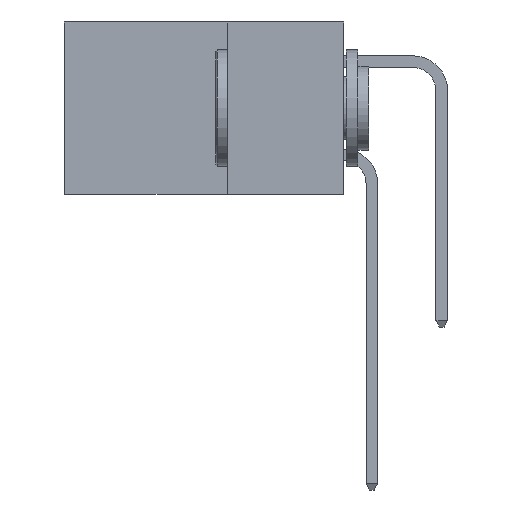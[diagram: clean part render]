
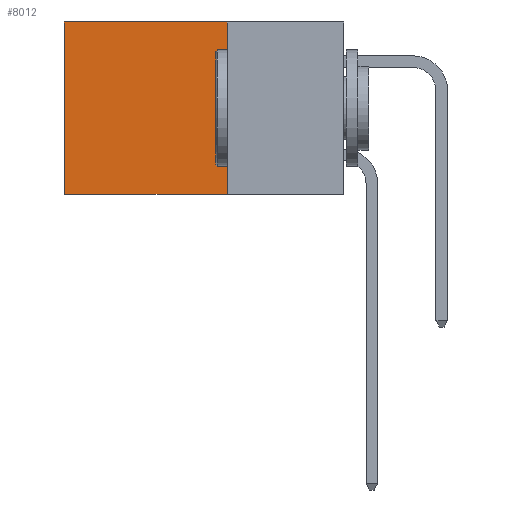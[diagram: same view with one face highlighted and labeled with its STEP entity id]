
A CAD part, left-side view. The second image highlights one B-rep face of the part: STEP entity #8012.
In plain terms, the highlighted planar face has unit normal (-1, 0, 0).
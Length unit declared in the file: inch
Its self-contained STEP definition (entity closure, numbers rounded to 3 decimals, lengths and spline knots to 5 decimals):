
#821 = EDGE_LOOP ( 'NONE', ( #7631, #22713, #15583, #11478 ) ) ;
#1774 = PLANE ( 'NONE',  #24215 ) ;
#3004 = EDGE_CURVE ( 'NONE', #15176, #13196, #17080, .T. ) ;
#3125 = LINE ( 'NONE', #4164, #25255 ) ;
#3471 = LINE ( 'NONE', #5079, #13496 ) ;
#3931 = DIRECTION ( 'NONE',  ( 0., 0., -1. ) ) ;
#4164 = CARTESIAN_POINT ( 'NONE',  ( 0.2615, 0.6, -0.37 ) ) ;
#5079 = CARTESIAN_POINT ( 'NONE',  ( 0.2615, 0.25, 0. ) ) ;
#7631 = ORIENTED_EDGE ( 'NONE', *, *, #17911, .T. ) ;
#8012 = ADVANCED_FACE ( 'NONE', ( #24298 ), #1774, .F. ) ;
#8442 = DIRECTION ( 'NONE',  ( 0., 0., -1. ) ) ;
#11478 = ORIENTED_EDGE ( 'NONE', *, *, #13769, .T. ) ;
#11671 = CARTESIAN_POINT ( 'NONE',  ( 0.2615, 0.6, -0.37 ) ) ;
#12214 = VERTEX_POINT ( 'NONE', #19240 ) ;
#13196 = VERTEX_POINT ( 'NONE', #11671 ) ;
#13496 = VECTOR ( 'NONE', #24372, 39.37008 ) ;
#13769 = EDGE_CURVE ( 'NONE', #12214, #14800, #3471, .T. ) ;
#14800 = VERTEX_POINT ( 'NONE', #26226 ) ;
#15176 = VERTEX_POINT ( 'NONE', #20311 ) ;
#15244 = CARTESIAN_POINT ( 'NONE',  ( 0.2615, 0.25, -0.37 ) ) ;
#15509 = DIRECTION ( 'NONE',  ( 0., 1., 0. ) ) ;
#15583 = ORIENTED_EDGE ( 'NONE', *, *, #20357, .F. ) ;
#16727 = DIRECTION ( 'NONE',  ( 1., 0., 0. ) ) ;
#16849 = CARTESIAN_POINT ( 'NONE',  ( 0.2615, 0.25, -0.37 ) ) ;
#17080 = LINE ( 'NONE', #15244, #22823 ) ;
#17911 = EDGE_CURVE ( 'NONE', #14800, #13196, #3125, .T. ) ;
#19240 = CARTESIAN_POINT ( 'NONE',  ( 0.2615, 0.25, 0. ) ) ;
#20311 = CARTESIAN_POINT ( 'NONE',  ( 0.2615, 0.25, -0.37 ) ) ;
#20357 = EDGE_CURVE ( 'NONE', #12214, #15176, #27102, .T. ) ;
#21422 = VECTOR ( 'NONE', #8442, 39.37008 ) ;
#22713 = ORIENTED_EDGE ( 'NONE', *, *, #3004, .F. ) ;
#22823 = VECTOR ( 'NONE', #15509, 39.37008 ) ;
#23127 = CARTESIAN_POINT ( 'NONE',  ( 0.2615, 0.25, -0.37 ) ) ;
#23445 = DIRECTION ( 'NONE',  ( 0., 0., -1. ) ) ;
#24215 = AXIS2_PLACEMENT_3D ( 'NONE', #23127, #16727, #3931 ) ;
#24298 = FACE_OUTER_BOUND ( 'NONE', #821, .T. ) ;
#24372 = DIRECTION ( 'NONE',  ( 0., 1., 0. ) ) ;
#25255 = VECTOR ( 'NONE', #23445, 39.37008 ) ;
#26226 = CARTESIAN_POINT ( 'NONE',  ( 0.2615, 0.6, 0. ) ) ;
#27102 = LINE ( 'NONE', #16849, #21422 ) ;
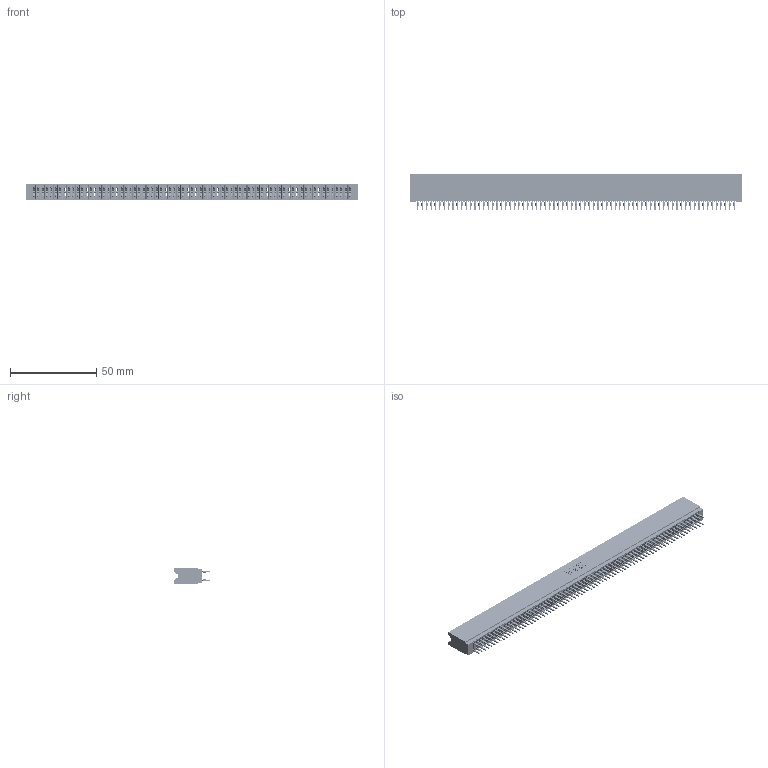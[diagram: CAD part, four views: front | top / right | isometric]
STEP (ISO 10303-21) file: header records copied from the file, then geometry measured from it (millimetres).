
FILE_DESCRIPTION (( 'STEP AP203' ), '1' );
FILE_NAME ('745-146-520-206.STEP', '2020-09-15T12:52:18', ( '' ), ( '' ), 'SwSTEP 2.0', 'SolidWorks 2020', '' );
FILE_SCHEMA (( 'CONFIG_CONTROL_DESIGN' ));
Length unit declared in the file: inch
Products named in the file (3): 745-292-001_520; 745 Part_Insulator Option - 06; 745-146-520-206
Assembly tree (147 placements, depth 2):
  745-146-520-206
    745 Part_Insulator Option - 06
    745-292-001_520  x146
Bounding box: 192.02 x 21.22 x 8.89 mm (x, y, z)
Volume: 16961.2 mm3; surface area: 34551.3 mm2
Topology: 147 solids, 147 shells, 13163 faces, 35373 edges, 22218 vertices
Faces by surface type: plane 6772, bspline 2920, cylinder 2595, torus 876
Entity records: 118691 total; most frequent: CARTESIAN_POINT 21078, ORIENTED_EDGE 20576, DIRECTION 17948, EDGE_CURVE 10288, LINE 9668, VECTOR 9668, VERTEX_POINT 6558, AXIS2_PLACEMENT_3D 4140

REQUIRED ACTION =>
Word for word, retype the lines from the one with "[diagram: CAD part, four" through the final line of the data, both included. No pictures belong in the copy.

SOLUTION BELOW =>
[diagram: CAD part, four views: front | top / right | isometric]
STEP (ISO 10303-21) file: header records copied from the file, then geometry measured from it (millimetres).
FILE_DESCRIPTION (( 'STEP AP203' ), '1' );
FILE_NAME ('745-146-520-206.STEP', '2020-09-15T12:52:18', ( '' ), ( '' ), 'SwSTEP 2.0', 'SolidWorks 2020', '' );
FILE_SCHEMA (( 'CONFIG_CONTROL_DESIGN' ));
Length unit declared in the file: inch
Products named in the file (3): 745-292-001_520; 745 Part_Insulator Option - 06; 745-146-520-206
Assembly tree (147 placements, depth 2):
  745-146-520-206
    745 Part_Insulator Option - 06
    745-292-001_520  x146
Bounding box: 192.02 x 21.22 x 8.89 mm (x, y, z)
Volume: 16961.2 mm3; surface area: 34551.3 mm2
Topology: 147 solids, 147 shells, 13163 faces, 35373 edges, 22218 vertices
Faces by surface type: plane 6772, bspline 2920, cylinder 2595, torus 876
Entity records: 118691 total; most frequent: CARTESIAN_POINT 21078, ORIENTED_EDGE 20576, DIRECTION 17948, EDGE_CURVE 10288, LINE 9668, VECTOR 9668, VERTEX_POINT 6558, AXIS2_PLACEMENT_3D 4140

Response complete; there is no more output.